[Collected data]
§ §
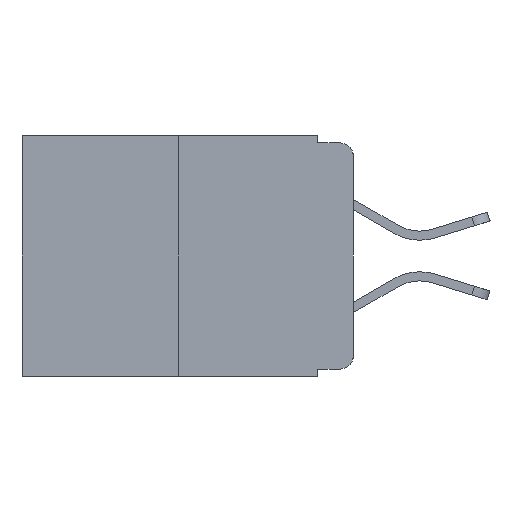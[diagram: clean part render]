
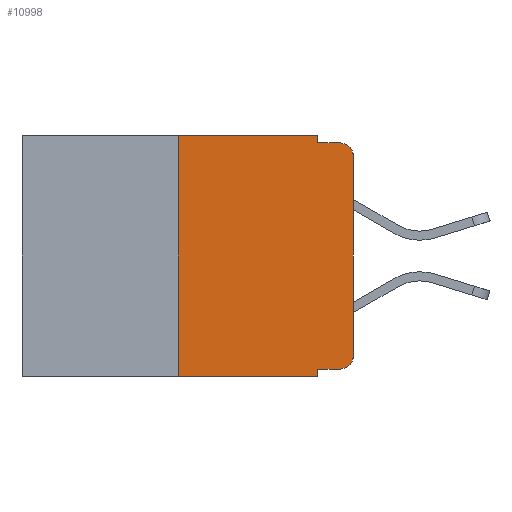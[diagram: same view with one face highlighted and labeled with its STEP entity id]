
A CAD part, left-side view. The second image highlights one B-rep face of the part: STEP entity #10998.
In plain terms, the highlighted planar face has unit normal (-1, 0, 0).
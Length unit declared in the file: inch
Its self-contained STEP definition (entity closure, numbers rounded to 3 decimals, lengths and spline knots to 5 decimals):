
#48 = DIRECTION ( 'NONE',  ( -1., 0., 0. ) ) ;
#282 = CARTESIAN_POINT ( 'NONE',  ( 0., 0.051, 0. ) ) ;
#497 = AXIS2_PLACEMENT_3D ( 'NONE', #9617, #48, #11168 ) ;
#830 = ORIENTED_EDGE ( 'NONE', *, *, #15595, .F. ) ;
#868 = ORIENTED_EDGE ( 'NONE', *, *, #7007, .F. ) ;
#1181 = AXIS2_PLACEMENT_3D ( 'NONE', #7367, #18165, #8989 ) ;
#1443 = ORIENTED_EDGE ( 'NONE', *, *, #5922, .F. ) ;
#1643 = DIRECTION ( 'NONE',  ( 0., 0., -1. ) ) ;
#2335 = CARTESIAN_POINT ( 'NONE',  ( 0., 0.051, -0.333 ) ) ;
#2348 = VERTEX_POINT ( 'NONE', #8185 ) ;
#2497 = CIRCLE ( 'NONE', #1181, 0.02 ) ;
#2515 = EDGE_CURVE ( 'NONE', #13337, #17124, #11710, .T. ) ;
#2711 = ORIENTED_EDGE ( 'NONE', *, *, #2515, .F. ) ;
#2859 = CARTESIAN_POINT ( 'NONE',  ( 0., 0.02, -0.333 ) ) ;
#3853 = EDGE_LOOP ( 'NONE', ( #9244, #4824, #830, #2711, #868, #1443, #5248, #5659, #7417, #12757 ) ) ;
#4095 = DIRECTION ( 'NONE',  ( 0., 0., 1. ) ) ;
#4824 = ORIENTED_EDGE ( 'NONE', *, *, #5340, .T. ) ;
#4978 = CARTESIAN_POINT ( 'NONE',  ( 0., 0.051, -0.343 ) ) ;
#5057 = CARTESIAN_POINT ( 'NONE',  ( 0., 0.051, -0.01 ) ) ;
#5076 = CARTESIAN_POINT ( 'NONE',  ( 0., 0.473, 0. ) ) ;
#5219 = VERTEX_POINT ( 'NONE', #2335 ) ;
#5248 = ORIENTED_EDGE ( 'NONE', *, *, #5347, .T. ) ;
#5256 = CARTESIAN_POINT ( 'NONE',  ( 0., 0., 0. ) ) ;
#5340 = EDGE_CURVE ( 'NONE', #17580, #16316, #2497, .T. ) ;
#5347 = EDGE_CURVE ( 'NONE', #16431, #10437, #18060, .T. ) ;
#5402 = DIRECTION ( 'NONE',  ( 0., 0., 1. ) ) ;
#5627 = DIRECTION ( 'NONE',  ( 0., 0., -1. ) ) ;
#5659 = ORIENTED_EDGE ( 'NONE', *, *, #19263, .F. ) ;
#5922 = EDGE_CURVE ( 'NONE', #16431, #2348, #16150, .T. ) ;
#6168 = DIRECTION ( 'NONE',  ( 0., -1., 0. ) ) ;
#6647 = CARTESIAN_POINT ( 'NONE',  ( 0., 0., -0.03 ) ) ;
#6745 = LINE ( 'NONE', #5076, #14522 ) ;
#6773 = EDGE_CURVE ( 'NONE', #5219, #19504, #7482, .T. ) ;
#6994 = VECTOR ( 'NONE', #6168, 39.37008 ) ;
#7007 = EDGE_CURVE ( 'NONE', #2348, #13337, #6745, .T. ) ;
#7099 = LINE ( 'NONE', #5256, #10778 ) ;
#7367 = CARTESIAN_POINT ( 'NONE',  ( 0., 0.02, -0.03 ) ) ;
#7417 = ORIENTED_EDGE ( 'NONE', *, *, #6773, .T. ) ;
#7482 = LINE ( 'NONE', #17003, #6994 ) ;
#7920 = VECTOR ( 'NONE', #4095, 39.37008 ) ;
#8185 = CARTESIAN_POINT ( 'NONE',  ( 0., 0.25, 0. ) ) ;
#8669 = CARTESIAN_POINT ( 'NONE',  ( 0., 0.051, -0.01 ) ) ;
#8839 = LINE ( 'NONE', #13846, #16535 ) ;
#8989 = DIRECTION ( 'NONE',  ( 0., 0., -1. ) ) ;
#9244 = ORIENTED_EDGE ( 'NONE', *, *, #13914, .T. ) ;
#9312 = LINE ( 'NONE', #5057, #16990 ) ;
#9617 = CARTESIAN_POINT ( 'NONE',  ( 0., 0.02, -0.313 ) ) ;
#10025 = VERTEX_POINT ( 'NONE', #19411 ) ;
#10437 = VERTEX_POINT ( 'NONE', #4978 ) ;
#10537 = DIRECTION ( 'NONE',  ( 0., -1., 0. ) ) ;
#10778 = VECTOR ( 'NONE', #5402, 39.37008 ) ;
#10998 = ADVANCED_FACE ( 'NONE', ( #12931 ), #18718, .F. ) ;
#11105 = DIRECTION ( 'NONE',  ( 1., 0., 0. ) ) ;
#11168 = DIRECTION ( 'NONE',  ( 0., 0., -1. ) ) ;
#11710 = LINE ( 'NONE', #282, #19327 ) ;
#12757 = ORIENTED_EDGE ( 'NONE', *, *, #14892, .T. ) ;
#12909 = CARTESIAN_POINT ( 'NONE',  ( 0., 0.25, -0.343 ) ) ;
#12931 = FACE_OUTER_BOUND ( 'NONE', #3853, .T. ) ;
#13059 = CARTESIAN_POINT ( 'NONE',  ( 0., 0.02, -0.01 ) ) ;
#13337 = VERTEX_POINT ( 'NONE', #18503 ) ;
#13846 = CARTESIAN_POINT ( 'NONE',  ( 0., 0.051, 0. ) ) ;
#13914 = EDGE_CURVE ( 'NONE', #10025, #17580, #7099, .T. ) ;
#14008 = VECTOR ( 'NONE', #10537, 39.37008 ) ;
#14486 = CARTESIAN_POINT ( 'NONE',  ( 0., 0.473, 0. ) ) ;
#14513 = DIRECTION ( 'NONE',  ( 0., -1., 0. ) ) ;
#14522 = VECTOR ( 'NONE', #14513, 39.37008 ) ;
#14892 = EDGE_CURVE ( 'NONE', #19504, #10025, #18195, .T. ) ;
#15103 = CARTESIAN_POINT ( 'NONE',  ( 0., 0.473, -0.343 ) ) ;
#15595 = EDGE_CURVE ( 'NONE', #17124, #16316, #9312, .T. ) ;
#16150 = LINE ( 'NONE', #17954, #7920 ) ;
#16226 = DIRECTION ( 'NONE',  ( 0., 0., -1. ) ) ;
#16316 = VERTEX_POINT ( 'NONE', #13059 ) ;
#16431 = VERTEX_POINT ( 'NONE', #12909 ) ;
#16535 = VECTOR ( 'NONE', #16226, 39.37008 ) ;
#16990 = VECTOR ( 'NONE', #17444, 39.37008 ) ;
#17003 = CARTESIAN_POINT ( 'NONE',  ( 0., 0.051, -0.333 ) ) ;
#17124 = VERTEX_POINT ( 'NONE', #8669 ) ;
#17444 = DIRECTION ( 'NONE',  ( 0., -1., 0. ) ) ;
#17580 = VERTEX_POINT ( 'NONE', #6647 ) ;
#17954 = CARTESIAN_POINT ( 'NONE',  ( 0., 0.25, 0. ) ) ;
#18060 = LINE ( 'NONE', #15103, #14008 ) ;
#18165 = DIRECTION ( 'NONE',  ( -1., 0., 0. ) ) ;
#18195 = CIRCLE ( 'NONE', #497, 0.02 ) ;
#18227 = AXIS2_PLACEMENT_3D ( 'NONE', #14486, #11105, #1643 ) ;
#18503 = CARTESIAN_POINT ( 'NONE',  ( 0., 0.051, 0. ) ) ;
#18718 = PLANE ( 'NONE',  #18227 ) ;
#19263 = EDGE_CURVE ( 'NONE', #5219, #10437, #8839, .T. ) ;
#19327 = VECTOR ( 'NONE', #5627, 39.37008 ) ;
#19411 = CARTESIAN_POINT ( 'NONE',  ( 0., 0., -0.313 ) ) ;
#19504 = VERTEX_POINT ( 'NONE', #2859 ) ;
§ §
From the records above, give again exactly the lines running from the line with "#8185 = CARTESIAN_POINT" to the line with "#9312 = LINE ( 'NONE', #5057, #16990 ) ;", inclusive.

#8185 = CARTESIAN_POINT ( 'NONE',  ( 0., 0.25, 0. ) ) ;
#8669 = CARTESIAN_POINT ( 'NONE',  ( 0., 0.051, -0.01 ) ) ;
#8839 = LINE ( 'NONE', #13846, #16535 ) ;
#8989 = DIRECTION ( 'NONE',  ( 0., 0., -1. ) ) ;
#9244 = ORIENTED_EDGE ( 'NONE', *, *, #13914, .T. ) ;
#9312 = LINE ( 'NONE', #5057, #16990 ) ;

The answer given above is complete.